# We finally got Stue!



## amyyy (Jan 7, 2011)

We finally got Stue!!! He must be one of those rare, friendly hedgehogs. He is very adventurous and doesn't seem to mind us holding and playing with him. Of course he is a little grumpy when I wake him up. He is 6 weeks old. He is a white pinto with a black spot on his back. He won't hardly role up in a ball. He seemed to take to us as soon as we got him. We got to choose from 2 hedgies and this one seemed soooooo much friendlier. I think I might want another one in the future. We will see.

Thank you everyone for answering my questions. (I'm sure there will be more.) You have been very helpful!

Amy


----------



## wrigley (Nov 21, 2010)

Oh my gosh! He's too cute for words! Better keep that one under wraps and don't give anyone on here your address or he might come up missing!


----------



## Hedgieonboard (Nov 15, 2009)

He's gorgeous, I love his coloring


----------



## PJM (May 7, 2010)

Congrats on Stue! He's just precious!! Absolutely adorable.


----------



## Hedgehog Grove (Jul 21, 2010)

Oh my he is so cuteeeeeee


----------



## amyyy (Jan 7, 2011)

I am soooo excited! He used the litter box last night!
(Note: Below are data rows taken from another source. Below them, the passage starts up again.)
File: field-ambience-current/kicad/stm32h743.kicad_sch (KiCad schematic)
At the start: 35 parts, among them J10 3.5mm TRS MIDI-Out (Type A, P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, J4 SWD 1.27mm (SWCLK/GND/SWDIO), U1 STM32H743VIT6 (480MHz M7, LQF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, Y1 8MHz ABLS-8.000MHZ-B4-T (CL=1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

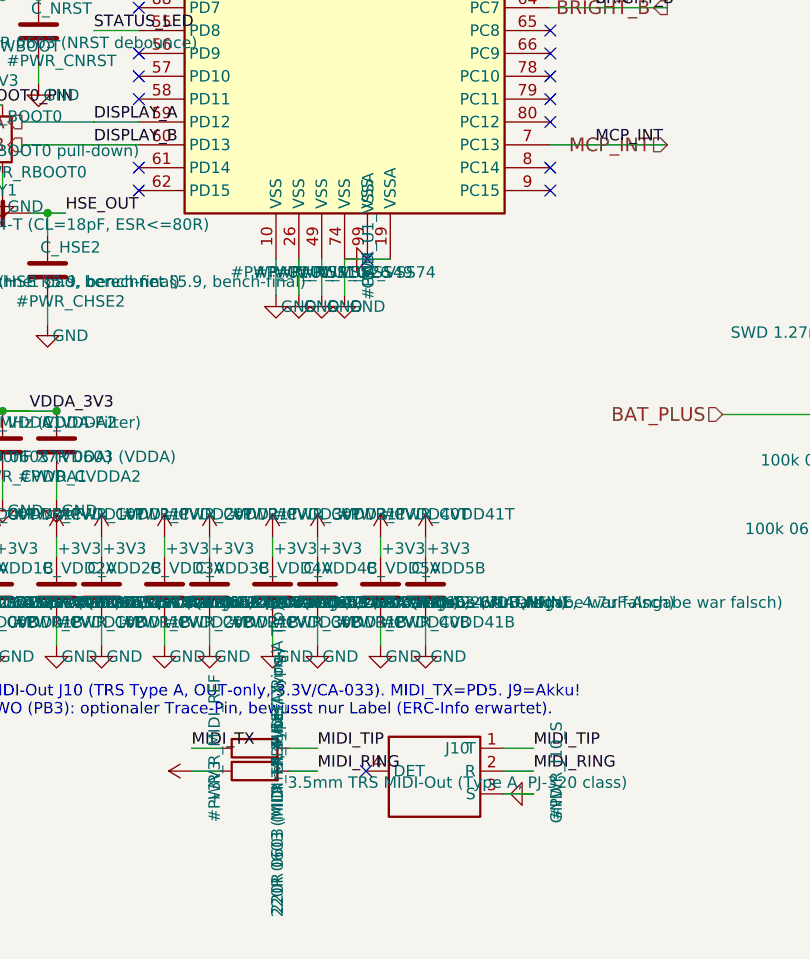
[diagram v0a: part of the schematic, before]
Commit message: fix(pcb): datasheet verification of all remaining parts — encoder + jack pad maps were dead/wrong (r18.82) (#94)
User asked to verify all other components against datasheets. Every
remaining IC and every symbol-pin<->footprint-pad pairing was checked
against the official documents (Microchip DS20001952 + DS20001984, NXP
PCA9685 Rev 4, ST USBLC6-2 + DS12110 Fig 5, Abracon via LCSC, SHOU HAN
PJ-320D, HX B3F-4055, KiCad footprint sources).

Critical pad-mapping bugs (KiCad matches pin number to pad name as a
STRING):

1. All 4 rotary encoders were completely unconnected: the official KiCad
   footprint RotaryEncoder_Alps_EC11E-Switch_Vertical_H20mm uses NAMED
   pads A/B/C/S1/S2, the custom symbol used numeric pins 1-5 - not a
   single encoder pin would have joined a pad in the netlist. Symbol pin
   numbers renamed to the pad names (footprint geometry verified from
   the KiCad GitLab source: A(0,0), C(0,2.5) = middle common, B(0,5) =
   ALPS A-C-B terminal order).

2. PJ-320D jacks (J8 line-out, J10 MIDI): pad map was wrong. The SHOU HAN
   drawing (PCB layout + schematic) assigns pad 1=A=sleeve, 2=D=ring,
   3=C=tip-switch(detect), 4=B=tip. The symbol mapped T=1/R=2/S=3/DET=4,
   which put LEFT AUDIO on the grounded sleeve barrel, GND on the detect
   contact and JACK_DETECT on the tip. Corrected to T=4/R=2/S=1/DET=3.
   Vendored footprint geometry matches the drawing exactly (3.0/4.0mm
   pad pitch, 1.0mm locators at 7.0mm) - closes TODO B0b.

3. Consequence of the true detect topology (detect rests on the TIP when
   unplugged, i.e. on the DAC L output at +-3Vpk): added R_DET_J8 10k
   (limits MCP input-clamp current to <300uA - unprotected it would have
   clamped negative half-waves through 22R at >100mA, distorting the
   speaker feed) and C_DET_J8 1uF (filters audio AC off GPA6, fc ~16Hz).
   Levels: unplugged ~0.3V LOW, plugged 3.3V HIGH.

Datasheet-required gaps:

4. MCP73831 was missing the 4.7uF VDD input capacitor from the DS typical
   application - the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
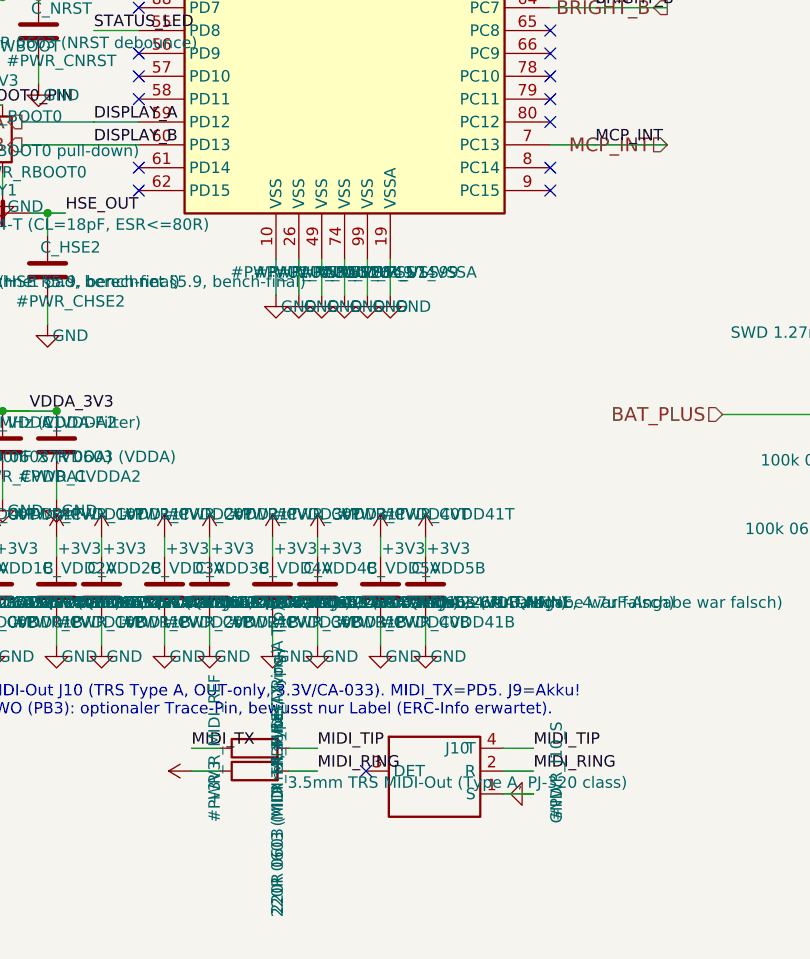
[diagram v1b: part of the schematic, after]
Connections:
- net GND: now also J10.1 (S), U1.99 (VSS); no longer J10.3 (S)
- net MIDI_TIP: now also J10.4 (T); no longer J10.1 (T)
- no-connect marks 45 -> 44
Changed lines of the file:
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@@
       (project "field_ambience"
         (path "/e3bc855f-ca21-4bea-a5ff-d24a556f7f9e" (reference "#PWR_U1_VSS74") (unit 1)))))
+  (symbol (lib_id "Power:GND") (at 142.54 205.12 0) (unit 1)
+    (in_bom yes) (on_board yes) (dnp no)
+      (property "Reference" "#PWR_U1_VSS99" (at 145.07999999999998 202.58 0)
+        (effects (font (size 1.27 1.27))))
+      (property "Value" "GND" (at 145.07999999999998 206.39000000000001 0)
+        (effects (font (size 1.27 1.27))))
+      (property "Footprint" "" (at 142.54 205.12 0)
+        (effects (font (size 1.27 1.27)) hide))
+      (property "Datasheet" "~" (at 142.54 205.12 0)
+        (effects (font (size 1.27 1.27)) hide))
+    (instances
+      (project "field_ambience"
+        (path "/e3bc855f-ca21-4bea-a5ff-d24a556f7f9e" (reference "#PWR_U1_VSS99") (unit 1)))))
   (symbol (lib_id "Power:+3V3") (at 134.92 57.42 0) (unit 1)
     (in_bom yes) (on_board yes) (dnp no)
@@
       (project "field_ambience"
         (path "/e3bc855f-ca21-4bea-a5ff-d24a556f7f9e" (reference "#PWR_U1_VDD6") (unit 1)))))
-  (symbol (lib_id "Power:GND") (at 140.08 201.12 90) (unit 1)
-    (in_bom yes) (on_board yes) (dnp no)
-      (property "Reference" "#PWR_U1_VSSA" (at 142.62 198.58 0)
-        (effects (font (size 1.27 1.27))))
-      (property "Value" "GND" (at 142.62 202.39000000000001 0)
-        (effects (font (size 1.27 1.27))))
-      (property "Footprint" "" (at 140.08 201.12 0)
-        (effects (font (size 1.27 1.27)) hide))
-      (property "Datasheet" "~" (at 140.08 201.12 0)
+  (symbol (lib_id "Power:GND") (at 145.08 205.12 0) (unit 1)
+    (in_bom yes) (on_board yes) (dnp no)
+      (property "Reference" "#PWR_U1_VSSA" (at 147.62 202.58 0)
+        (effects (font (size 1.27 1.27))))
+      (property "Value" "GND" (at 147.62 206.39000000000001 0)
+        (effects (font (size 1.27 1.27))))
+      (property "Footprint" "" (at 145.08 205.12 0)
+        (effects (font (size 1.27 1.27)) hide))
+      (property "Datasheet" "~" (at 145.08 205.12 0)
         (effects (font (size 1.27 1.27)) hide))
     (instances
@@
     (stroke (width 0) (type default))
 )
+  (wire (pts (xy 142.54 201.12) (xy 142.54 205.12))
+    (stroke (width 0) (type default))
+)
   (wire (pts (xy 134.92 61.42) (xy 134.92 57.42))
     (stroke (width 0) (type default))
@@
     (stroke (width 0) (type default))
 )
-  (wire (pts (xy 145.08 201.12) (xy 140.08 201.12))
+  (wire (pts (xy 145.08 201.12) (xy 145.08 205.12))
     (stroke (width 0) (type default))
 )
@@
   (no_connect (at 162.86 135.08)
 )
-  (no_connect (at 142.54 201.12)
-)
   (text "MIDI-Out J10 (TRS Type A, OUT-only, 3.3V/CA-033). MIDI_TX=PD5. J9=Akku!" (at 100 250 0)

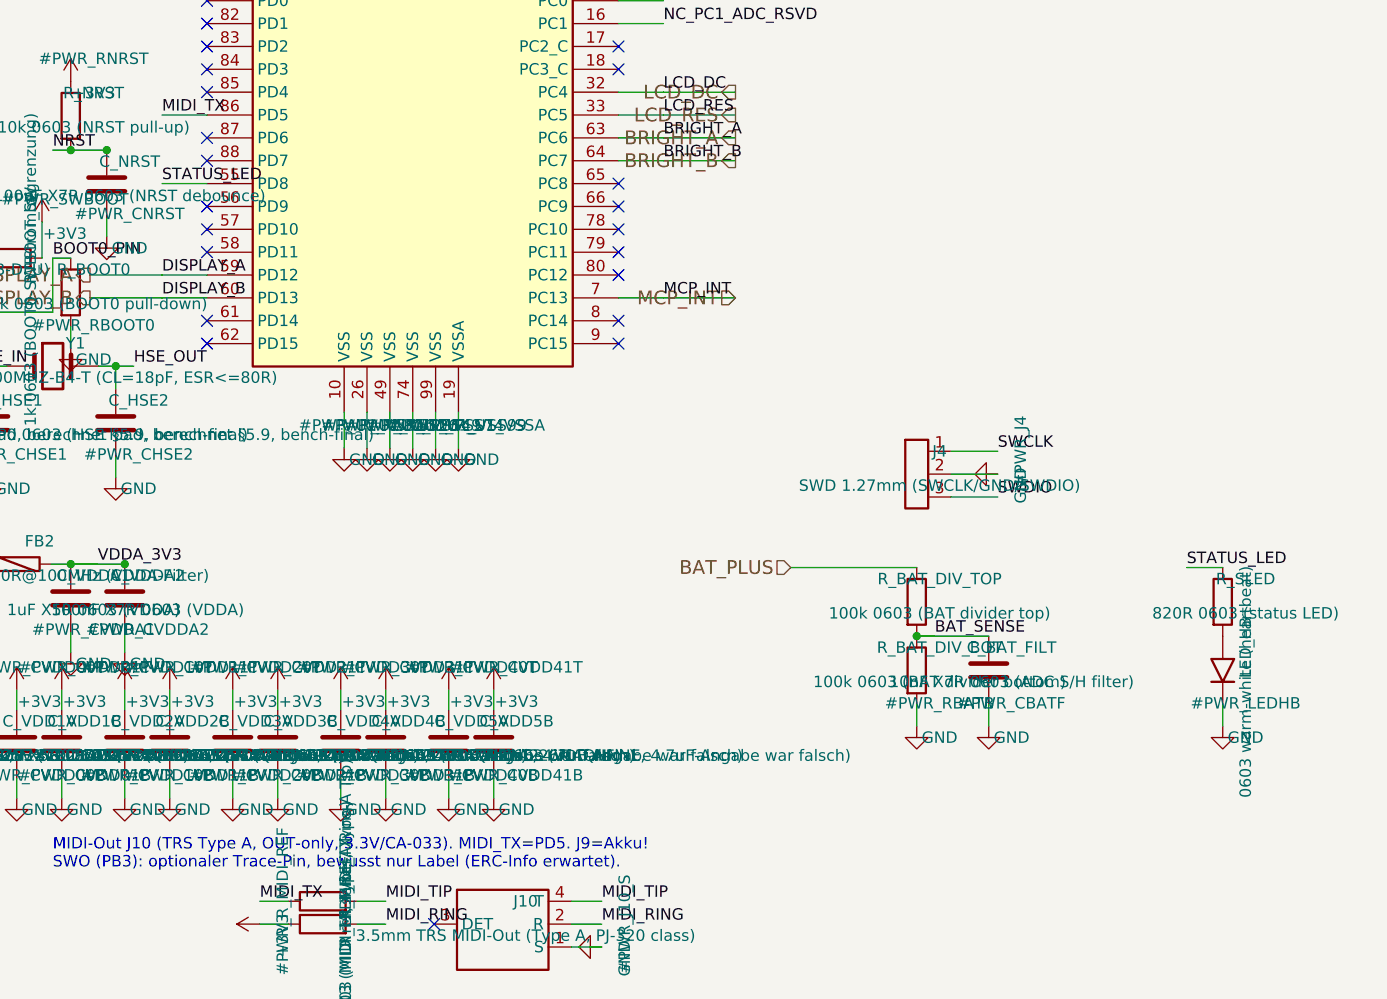
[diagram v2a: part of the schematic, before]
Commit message: feat(pcb+firmware): keep only cell + modifier LEDs — remove VU meter (U10) + heartbeat LED; fresh audio renders (r18.87)
User directive: only the LEDs above the cells and above the modifier
buttons stay.

Schematic (generator, regenerated + geometric ERC 0 errors):
- mcp_sheet: U10 PCA9685 #2 (0x41) + LED_VU1-8 + R_VU1-8 + R_OE2 +
  C_PCA2_VDD/_HF removed; I2C bus back to U2 (0x20) + U6 (0x40) only
- stm32h743_sheet: LED_HB + R_SLED (STATUS_LED) removed, PD8 parked as
  NC reserve
- LED_CHRG deliberately kept: with ADR-0016 the device charges while
  switched OFF (no firmware running) — the hardware-driven MCP73831
  STAT LED is the only charge feedback

BOM/docs: jlc_bom.csv 57 parts / 188 placements (-22), SMD BOM/board
$24.50 -> ~$21.30, 5-run ~$89 (Economic) / ~$99 (Standard) per device;
BOM_MASTER, PCB_BOM, COST_ESTIMATE, PCB_HANDOFF, onboarding,
bom_overview.html updated; ADR-0020 marked SUPERSEDED.

Firmware: vu.{h,c} + test_vu.c deleted, pca2_*/PCA2_I2C_ADDR API and
main-loop VU block removed, engine_render_peak() tap removed. Host
suite 24 suites / 0 failures; h743 cross-build green (152.9 KB flash).

Audio: both demo pieces re-rendered from the current engine into
demos/audio/ — field_ambience_master_tape.flac (8:20, peak -6.7 dBFS)
and field_ambience_performance.flac (5:00, peak -4.7 dBFS), flac -t
verified; README pointer updated.

Co-Authored-By: Claude Fable 5 <noreply@anthropic.com>
Claude-Session: https://claude.ai/code/session_019pKguH6aG4iazMCWJnpmMn
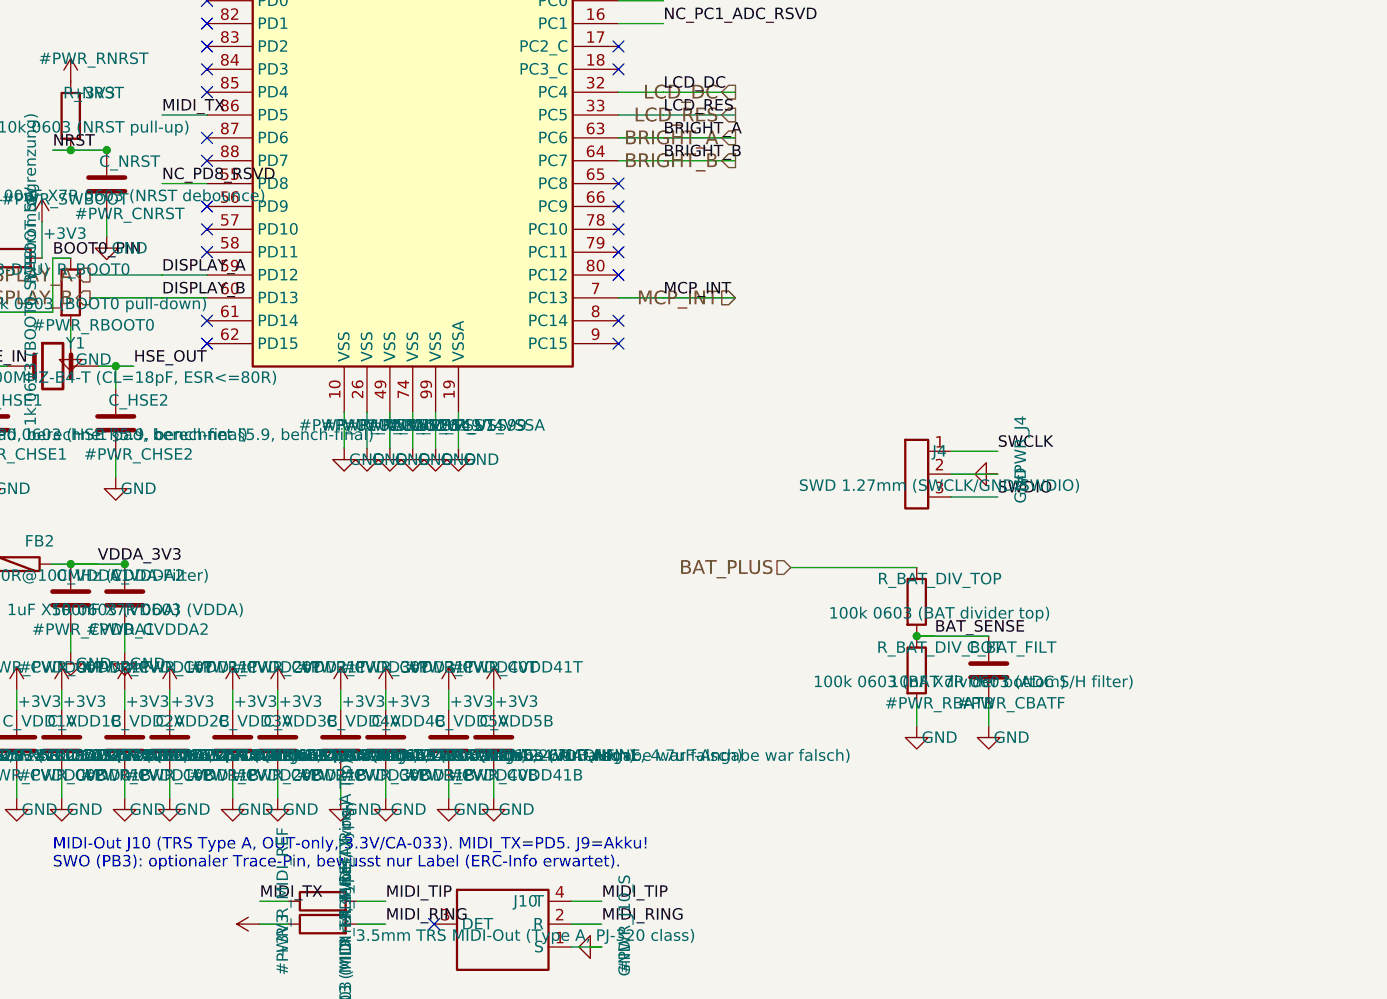
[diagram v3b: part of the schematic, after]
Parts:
- removed LED_HB: 0603 warm-white (heartbeat), LED_SMD:LED_0603_1608Metric, symbol Device:LED
- removed R_SLED: 820R 0603 (status LED), Resistor_SMD:R_0603_1608Metric, symbol Device:R
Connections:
- net STATUS_LED renamed NC_PD8_RSVD
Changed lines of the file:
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@@
       (project "field_ambience"
         (path "/e3bc855f-ca21-4bea-a5ff-d24a556f7f9e" (reference "#PWR_CBATF") (unit 1)))))
-  (symbol (lib_id "Device:R") (at 230.0 222.19 0) (unit 1)
-    (in_bom yes) (on_board yes) (dnp no)
-      (property "Reference" "R_SLED" (at 232.54 219.65 0)
-        (effects (font (size 1.27 1.27))))
-      (property "Value" "820R 0603 (status LED)" (at 232.54 223.46 0)
-        (effects (font (size 1.27 1.27))))
-      (property "Footprint" "Resistor_SMD:R_0603_1608Metric" (at 230.0 222.19 0)
-        (effects (font (size 1.27 1.27)) hide))
-      (property "Datasheet" "~" (at 230.0 222.19 0)
-        (effects (font (size 1.27 1.27)) hide))
-      (property "MPN" "0603WAF8200T5E" (at 232.54 226.0 0)
-        (effects (font (size 1.27 1.27)) hide))
-      (property "LCSC" "C23253" (at 232.54 227.27 0)
-        (effects (font (size 1.27 1.27)) hide))
-    (instances
-      (project "field_ambience"
-        (path "/e3bc855f-ca21-4bea-a5ff-d24a556f7f9e" (reference "R_SLED") (unit 1)))))
-  (symbol (lib_id "Device:LED") (at 230.0 229.81 90) (unit 1)
-    (in_bom yes) (on_board yes) (dnp no)
-      (property "Reference" "LED_HB" (at 232.54 227.27 0)
-        (effects (font (size 1.27 1.27))))
-      (property "Value" "0603 warm-white (heartbeat)" (at 232.54 231.08 0)
-        (effects (font (size 1.27 1.27))))
-      (property "Footprint" "LED_SMD:LED_0603_1608Metric" (at 230.0 229.81 0)
-        (effects (font (size 1.27 1.27)) hide))
-      (property "Datasheet" "~" (at 230.0 229.81 0)
-        (effects (font (size 1.27 1.27)) hide))
-      (property "MPN" "XL-1608UWC-04" (at 232.54 233.62 0)
-        (effects (font (size 1.27 1.27)) hide))
-      (property "LCSC" "C965808" (at 232.54 234.89000000000001 0)
-        (effects (font (size 1.27 1.27)) hide))
-    (instances
-      (project "field_ambience"
-        (path "/e3bc855f-ca21-4bea-a5ff-d24a556f7f9e" (reference "LED_HB") (unit 1)))))
-  (symbol (lib_id "Power:GND") (at 230.0 236.0 0) (unit 1)
-    (in_bom yes) (on_board yes) (dnp no)
-      (property "Reference" "#PWR_LEDHB" (at 232.54 233.46 0)
-        (effects (font (size 1.27 1.27))))
-      (property "Value" "GND" (at 232.54 237.27 0)
-        (effects (font (size 1.27 1.27))))
-      (property "Footprint" "" (at 230.0 236.0 0)
-        (effects (font (size 1.27 1.27)) hide))
-      (property "Datasheet" "~" (at 230.0 236.0 0)
-        (effects (font (size 1.27 1.27)) hide))
-    (instances
-      (project "field_ambience"
-        (path "/e3bc855f-ca21-4bea-a5ff-d24a556f7f9e" (reference "#PWR_LEDHB") (unit 1)))))
   (symbol (lib_id "Connector:AudioJack3_Switch") (at 150 258 0) (unit 1)
     (in_bom yes) (on_board yes) (dnp no)
@@
     (stroke (width 0) (type default))
 )
-  (wire (pts (xy 226.0 218.38) (xy 230.0 218.38))
-    (stroke (width 0) (type default))
-)
-  (wire (pts (xy 230.0 233.62) (xy 230.0 236.0))
-    (stroke (width 0) (type default))
-)
   (wire (pts (xy 157.62 255.46) (xy 161 255.46))
     (stroke (width 0) (type default))
@@
     (effects (font (size 1.27 1.27)) (justify left bottom))
 )
-  (label "STATUS_LED" (at 112.14 175.72 0) (fields_autoplaced)
+  (label "NC_PD8_RSVD" (at 112.14 175.72 0) (fields_autoplaced)
     (effects (font (size 1.27 1.27)) (justify left bottom))
 )
@@
     (effects (font (size 1.27 1.27)) (justify left bottom))
 )
-  (label "STATUS_LED" (at 226.0 218.38 0) (fields_autoplaced)
-    (effects (font (size 1.27 1.27)) (justify left bottom))
-)

YAY!


----------



## shaelikestaquitos (Feb 2, 2010)

What a cutieeeee
Did you by any chance get Stue from Terrapin Hedgehogs?


----------



## Nancy (Aug 22, 2008)

He is stunning.


----------



## RalphsMum (Oct 14, 2010)

Stue is adorably cute.....


----------



## Gibbz (Jan 17, 2011)

Beautiful colouring! I am a big fan of light colours. I think I'll definitely get a hedgehog again in the future, they're so adorable.


----------



## Gibbz (Jan 17, 2011)

shaelikestaquitos said:


> What a cutieeeee
> Did you by any chance get Stue from Terrapin Hedgehogs?


Mind me asking, but do you know what colour your hedgie is? He's a beauty!


----------



## susanaproenca (Aug 14, 2010)

Stue is adorable, and I love the name!


----------



## rtc (Sep 5, 2008)

What a cutie!


----------



## tie-dye hedgie (Dec 19, 2009)

I love his eyes, so bright! Congrats! :mrgreen:


----------



## MissC (Nov 15, 2010)

What a handsome little guy! Love his expression in the first pic!


----------



## shaelikestaquitos (Feb 2, 2010)

Gibbz said:


> shaelikestaquitos said:
> 
> 
> > What a cutieeeee
> ...


He looked like a white bellied chocolate double white when he was younger, but after his quilling he became a chocolate chip


----------



## LarryT (May 12, 2009)

Congrats! He is stunning!


----------



## infamousrenie (Dec 18, 2010)

He's adorable! Congrats!


----------



## amyyy (Jan 7, 2011)

A new picture!


----------



## PJM (May 7, 2010)

Awwwe! What a little sweetie! So precious!


----------



## shetland (Sep 2, 2008)

Such a pretty baby!


----------



## mary ellen (Mar 1, 2011)

> I am soooo excited! He used the litter box last night! YAY!


Amy, what are you using for a litter box and what do you have inside it? Also, what type of a cage do you have? Sounds like you've got a great little hedgie!


----------